(Saved entries)
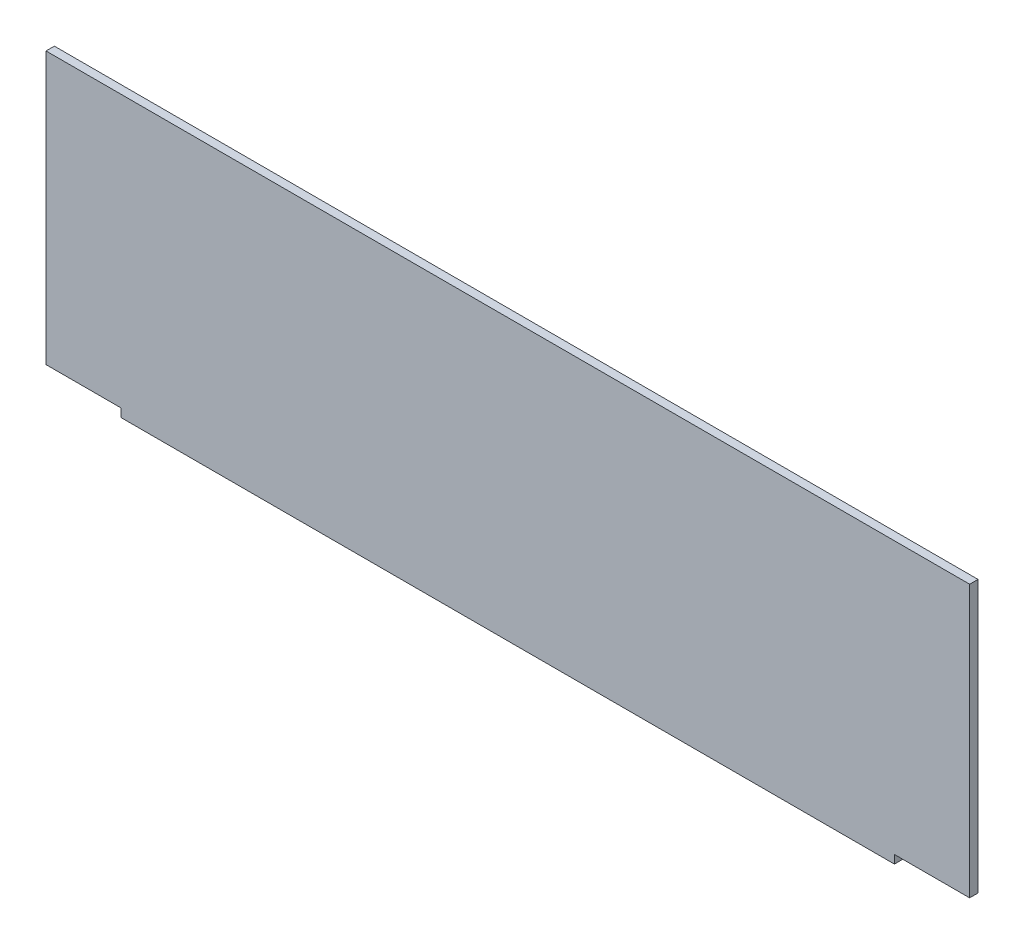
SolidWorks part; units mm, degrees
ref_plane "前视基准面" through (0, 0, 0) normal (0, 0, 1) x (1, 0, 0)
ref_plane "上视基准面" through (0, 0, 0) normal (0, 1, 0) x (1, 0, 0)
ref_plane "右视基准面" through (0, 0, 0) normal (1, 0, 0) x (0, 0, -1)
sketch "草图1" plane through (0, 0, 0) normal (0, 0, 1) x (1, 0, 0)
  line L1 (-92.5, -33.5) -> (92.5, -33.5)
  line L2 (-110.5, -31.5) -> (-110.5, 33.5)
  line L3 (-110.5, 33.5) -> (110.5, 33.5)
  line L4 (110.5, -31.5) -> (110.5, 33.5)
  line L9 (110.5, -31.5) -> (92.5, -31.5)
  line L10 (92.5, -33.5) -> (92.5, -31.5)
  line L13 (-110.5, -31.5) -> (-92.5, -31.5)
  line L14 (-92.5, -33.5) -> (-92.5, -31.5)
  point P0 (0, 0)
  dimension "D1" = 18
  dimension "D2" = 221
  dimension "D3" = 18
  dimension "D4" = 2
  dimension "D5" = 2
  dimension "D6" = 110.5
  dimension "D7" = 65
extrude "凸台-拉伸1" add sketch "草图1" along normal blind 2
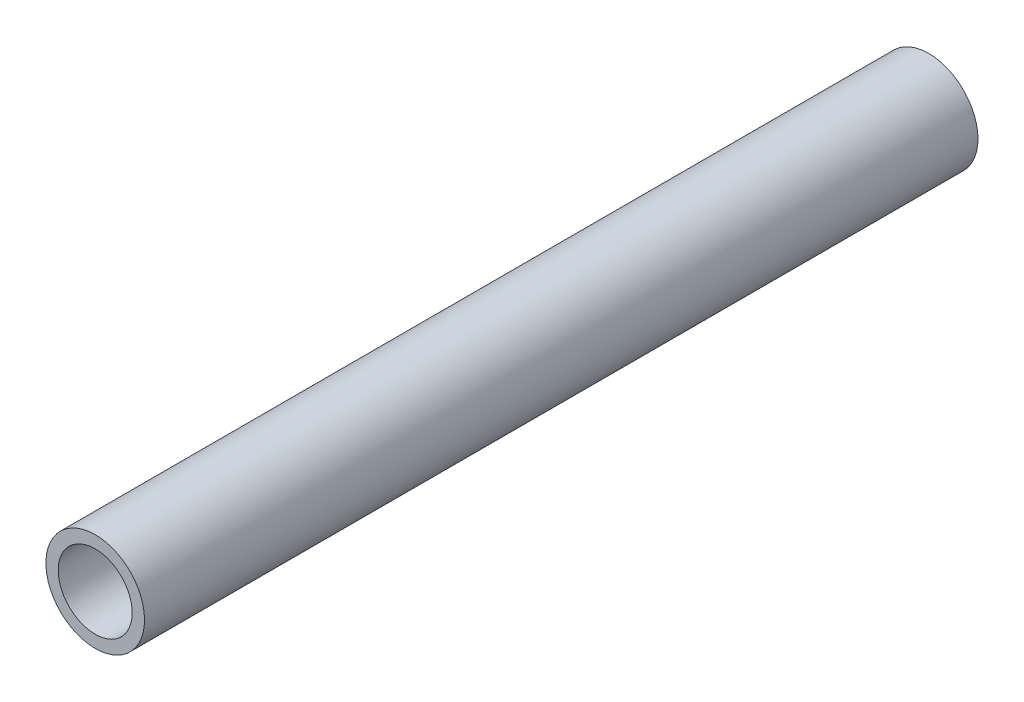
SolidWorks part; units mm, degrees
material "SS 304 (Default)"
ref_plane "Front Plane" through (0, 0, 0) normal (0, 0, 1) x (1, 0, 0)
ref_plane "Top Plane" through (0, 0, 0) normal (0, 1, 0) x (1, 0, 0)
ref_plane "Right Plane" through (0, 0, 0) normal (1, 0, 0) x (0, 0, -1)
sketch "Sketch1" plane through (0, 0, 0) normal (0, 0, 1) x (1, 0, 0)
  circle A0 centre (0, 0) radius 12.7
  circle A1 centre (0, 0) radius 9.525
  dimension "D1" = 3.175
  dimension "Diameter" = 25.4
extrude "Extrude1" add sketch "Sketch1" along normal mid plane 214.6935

> **TASK PROMPT**: Your response should be each line that includes the word "radius", copied from the records.

> **SOLUTION FOR THIS PROBLEM**:
  circle A0 centre (0, 0) radius 12.7
  circle A1 centre (0, 0) radius 9.525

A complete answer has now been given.